Em contrapartida, agrimensores, registradores e especialistas em governança territorial criticam os adiamentos. Segundo esses profissionais, cada postergação enfraquece o processo de modernização cadastral e perpetua um cenário de insegurança jurídica, grilagem de terras e disputas territoriais, além do atraso na integração com o Cadastro Ambiental Rural (CAR), considerado essencial para políticas ambientais e de crédito.
“a certificação de imóveis neste país foi implementada aos poucos, tivemos 20 anos para nos adaptar, quanto registrei a Fazenda Shambala em junho de 2004 entendi que estávamos descortinando uma nova era … isso só foi possível por meio do georreferenciamento.”
“Desde 2015 nosso curso habilita nativamente o estudante para exercer a atividade de certificação de parcelas … temos pessoal qualificado, especialistas nesta área … os equipamentos estão acessíveis. Para ter uma ideia, a certificação de um imóvel de até 25 hectares é realizado no mesmo dia, em condições favoráveis, no passado seria em 3 meses.”
“Vejo um retrocesso na câmara dos deputados, eles não convidam profissionais da agrimensura para discutir o assunto … os deputados tomam decisões que muitas das vezes só favorecem uma minoria … podemos resolver isso com técnicas e profissionais habilitados … estamos dispostos a conversar … pois já fazem 24 anos da Lei do georreferenciamento … estamos à disposição para discussão.”

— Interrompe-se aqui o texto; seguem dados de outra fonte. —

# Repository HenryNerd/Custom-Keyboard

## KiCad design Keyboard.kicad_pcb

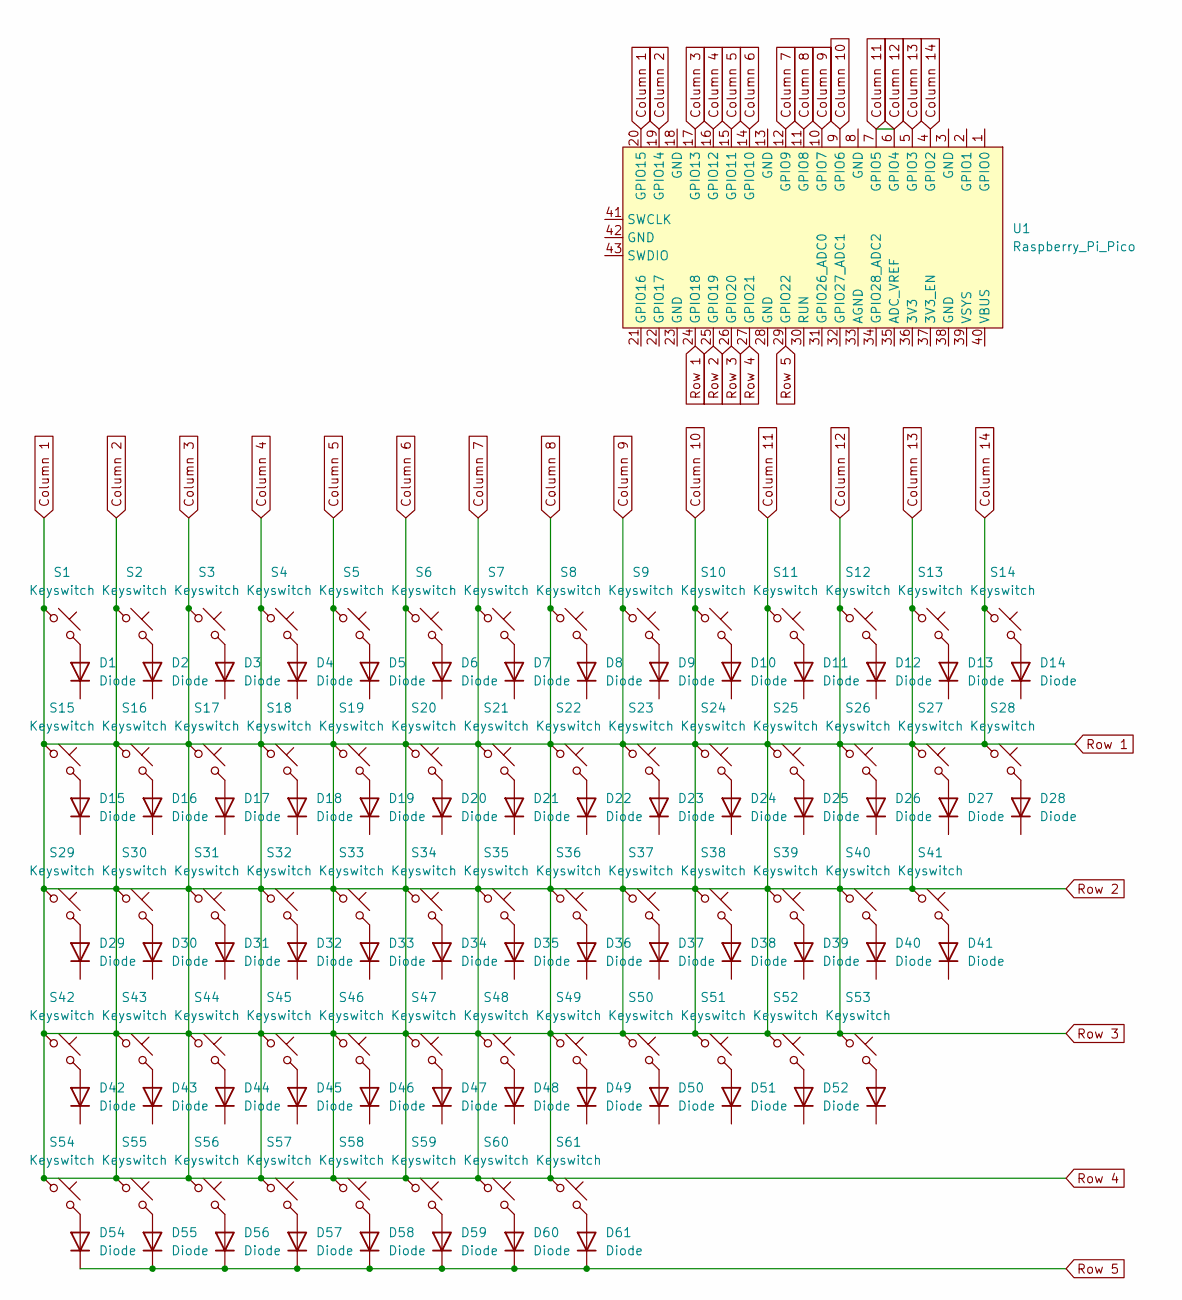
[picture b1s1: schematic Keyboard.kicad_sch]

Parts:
D1, D2, D3, D4, D5, D6, D7, D8, D9, D10, D11, D12, D13, D14, D15, D16, D17, D18, D19, D20, D21, D22, D23, D24, D25, D26, D27, D28, D29, D30, D31, D32, D33, D34, D35, D36, D37, D38, D39, D40, D41, D42, D43, D44, D45, D46, D47, D48, D49, D50, D51, D52, D53, D54, D55, D56, D57, D58, D59, D60, D61: Diode; Diode_DO-35
S1, S2, S3, S4, S5, S6, S7, S8, S9, S10, S11, S12, S13, S16, S17, S18, S19, S20, S21, S22, S23, S24, S25, S26, S27, S30, S31, S32, S33, S34, S35, S36, S37, S38, S39, S40, S43, S44, S45, S46, S47, S48, S49, S50, S51, S52, S59, S60, S61: Keyswitch; MX_PCB_1.00u
S14: Keyswitch; MX_PCB_2.00u
S15, S28: Keyswitch; MX_PCB_1.50u
S29: Keyswitch; MX_PCB_1.75u
S41: Keyswitch; MX_PCB_2.25u
S42, S53: Keyswitch; MX_PCB_2.50u
S54, S55, S56, S58: Keyswitch; MX_PCB_1.25u
S57: Keyswitch; MX_PCB_7.00u
U1: Raspberry_Pi_Pico

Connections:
Column 1: S1.1, S2.1, S3.1, S4.1, S5.1, S6.1, S7.1, S8.1, S9.1, S10.1, S11.1, S12.1, S13.1, S14.1, S15.1, S16.1, S17.1, S18.1, S19.1, S20.1, S21.1, S22.1, S23.1, S24.1, S25.1, S26.1, S27.1, S28.1, S29.1, S30.1, S31.1, S32.1, S33.1, S34.1, S35.1, S36.1, S37.1, S38.1, S39.1, S40.1, S41.1, S42.1, S43.1, S44.1, S45.1, S46.1, S47.1, S48.1, S49.1, S50.1, S51.1, S52.1, S53.1, S54.1, S55.1, S56.1, S57.1, S58.1, S59.1, S60.1, S61.1, U1.4 (GPIO2), U1.5 (GPIO3), U1.6 (GPIO4), U1.7 (GPIO5), U1.9 (GPIO6), U1.10 (GPIO7), U1.11 (GPIO8), U1.12 (GPIO9), U1.14 (GPIO10), U1.15 (GPIO11), U1.16 (GPIO12), U1.17 (GPIO13), U1.19 (GPIO14), U1.20 (GPIO15), U1.24 (GPIO18), U1.25 (GPIO19), U1.26 (GPIO20), U1.27 (GPIO21)
unnamed: D1.2 (A), S1.2
unnamed: D2.2 (A), S2.2
unnamed: D3.2 (A), S3.2
unnamed: D4.2 (A), S4.2
unnamed: D5.2 (A), S5.2
unnamed: D6.2 (A), S6.2
unnamed: D7.2 (A), S7.2
unnamed: D8.2 (A), S8.2
unnamed: D9.2 (A), S9.2
unnamed: D10.2 (A), S10.2
unnamed: D11.2 (A), S11.2
unnamed: D12.2 (A), S12.2
unnamed: D13.2 (A), S13.2
unnamed: D14.2 (A), S14.2
unnamed: D15.2 (A), S15.2
unnamed: D16.2 (A), S16.2
unnamed: D17.2 (A), S17.2
unnamed: D18.2 (A), S18.2
unnamed: D19.2 (A), S19.2
unnamed: D20.2 (A), S20.2
unnamed: D21.2 (A), S21.2
unnamed: D22.2 (A), S22.2
unnamed: D23.2 (A), S23.2
unnamed: D24.2 (A), S24.2
unnamed: D25.2 (A), S25.2
unnamed: D26.2 (A), S26.2
unnamed: D27.2 (A), S27.2
unnamed: D28.2 (A), S28.2
unnamed: D29.2 (A), S29.2
unnamed: D30.2 (A), S30.2
unnamed: D31.2 (A), S31.2
unnamed: D32.2 (A), S32.2
unnamed: D33.2 (A), S33.2
unnamed: D34.2 (A), S34.2
unnamed: D35.2 (A), S35.2
unnamed: D36.2 (A), S36.2
unnamed: D37.2 (A), S37.2
unnamed: D38.2 (A), S38.2
unnamed: D39.2 (A), S39.2
unnamed: D40.2 (A), S40.2
unnamed: D41.2 (A), S41.2
unnamed: D42.2 (A), S42.2
unnamed: D43.2 (A), S43.2
unnamed: D44.2 (A), S44.2
unnamed: D45.2 (A), S45.2
unnamed: D46.2 (A), S46.2
unnamed: D47.2 (A), S47.2
unnamed: D48.2 (A), S48.2
unnamed: D49.2 (A), S49.2
unnamed: D50.2 (A), S50.2
unnamed: D51.2 (A), S51.2
unnamed: D52.2 (A), S52.2
unnamed: D53.2 (A), S53.2
unnamed: D54.2 (A), S54.2
unnamed: D55.2 (A), S55.2
unnamed: D56.2 (A), S56.2
unnamed: D57.2 (A), S57.2
unnamed: D58.2 (A), S58.2
unnamed: D59.2 (A), S59.2
unnamed: D60.2 (A), S60.2
unnamed: D61.2 (A), S61.2
Row 5: D54.1 (K), D55.1 (K), D56.1 (K), D57.1 (K), D58.1 (K), D59.1 (K), D60.1 (K), D61.1 (K), U1.29 (GPIO22)

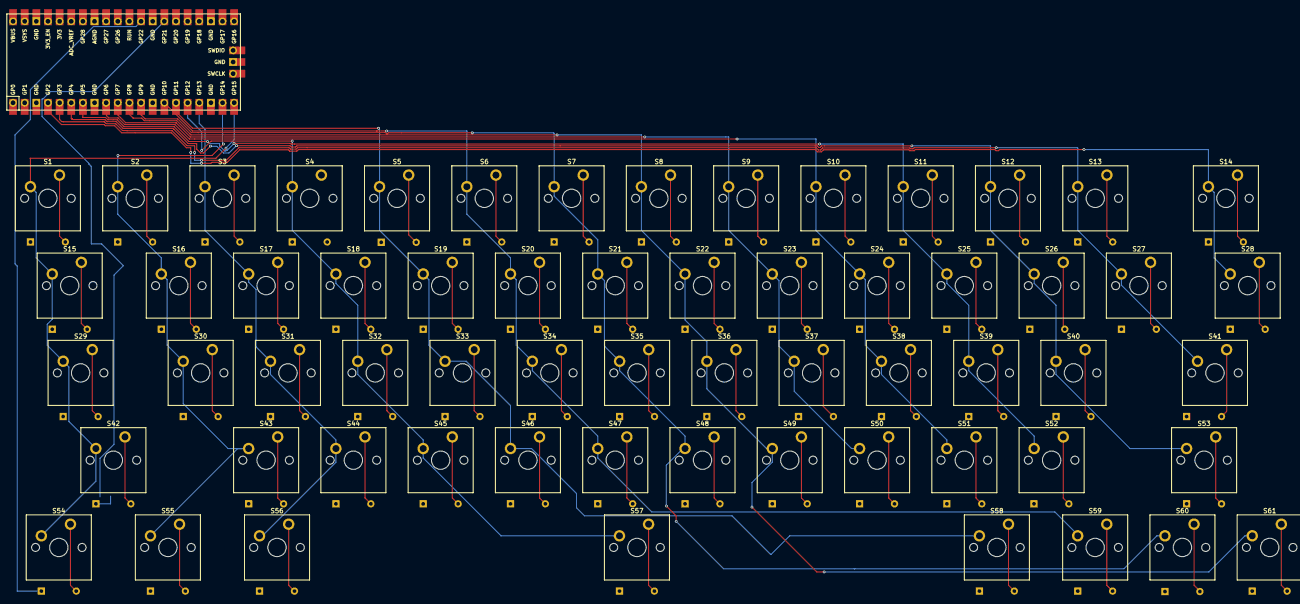
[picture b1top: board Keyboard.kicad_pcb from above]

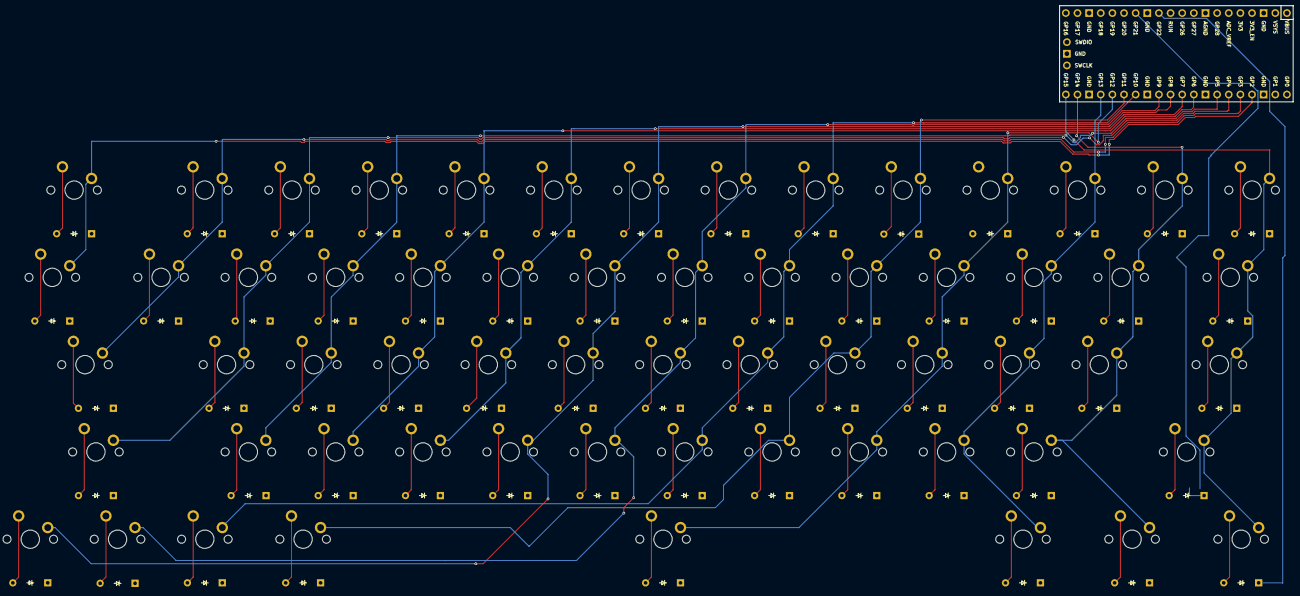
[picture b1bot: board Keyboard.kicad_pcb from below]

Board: 2 copper layers, 123 parts (61 on the bottom side), 63 nets.

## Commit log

2024-07-25 Added v1.0 KiCAD schematic
2024-07-26 Unfinished Start to PCB
2024-07-28 Update PCB with rougth layout
2024-07-29 start updating layout
2024-07-29 update layout and start wiring
2024-07-29 Continued working on wiring
2024-07-29 More wiring

Se sancionadas, as propostas abrirão uma nova janela de tolerância — no caso do PL 1664/2025, a prorrogação até 2030 foi apontada como um dos possíveis efeitos — para que os proprietários se adequem ao georreferenciamento. Esse “fôlego legislativo” pode evitar prejuízos imediatos a produtores que enfrentam limitações técnicas e logísticas.
Por outro lado, existe um risco real de que o tempo adicional seja usado para adiar indefinidamente a consolidação de um cadastro territorial moderno. Historicamente, sucessivas prorrogações não resolveram completamente os gargalos estruturais. Sem articulação institucional, investimentos públicos e capacitação técnica coordenada entre INCRA, cartórios, institutos de ensino e conselhos profissionais, a postergação tende a postergar também a solução de conflitos e a insegurança jurídica.
O cenário ideal — segundo especialistas técnicos citados — seria aproveitar o prazo para implementar medidas estruturantes: financiamento público para regionalização de serviços de georreferenciamento, programas de capacitação em massa, integração de bases de dados e a participação formal de conselhos e associações técnicas nas discussões legislativas e regulatórias.
Com a aprovação nas comissões da Câmara, os projetos avançam para votação em plenário e, se aprovados, seguem para o Senado e posterior sanção presidencial. Resta a dúvida sobre o uso desse novo tempo legislativo: será uma janela para estruturar um sistema cadastral moderno e confiável, ou apenas mais uma prorrogação da dívida histórica do país com a regularização fundiária?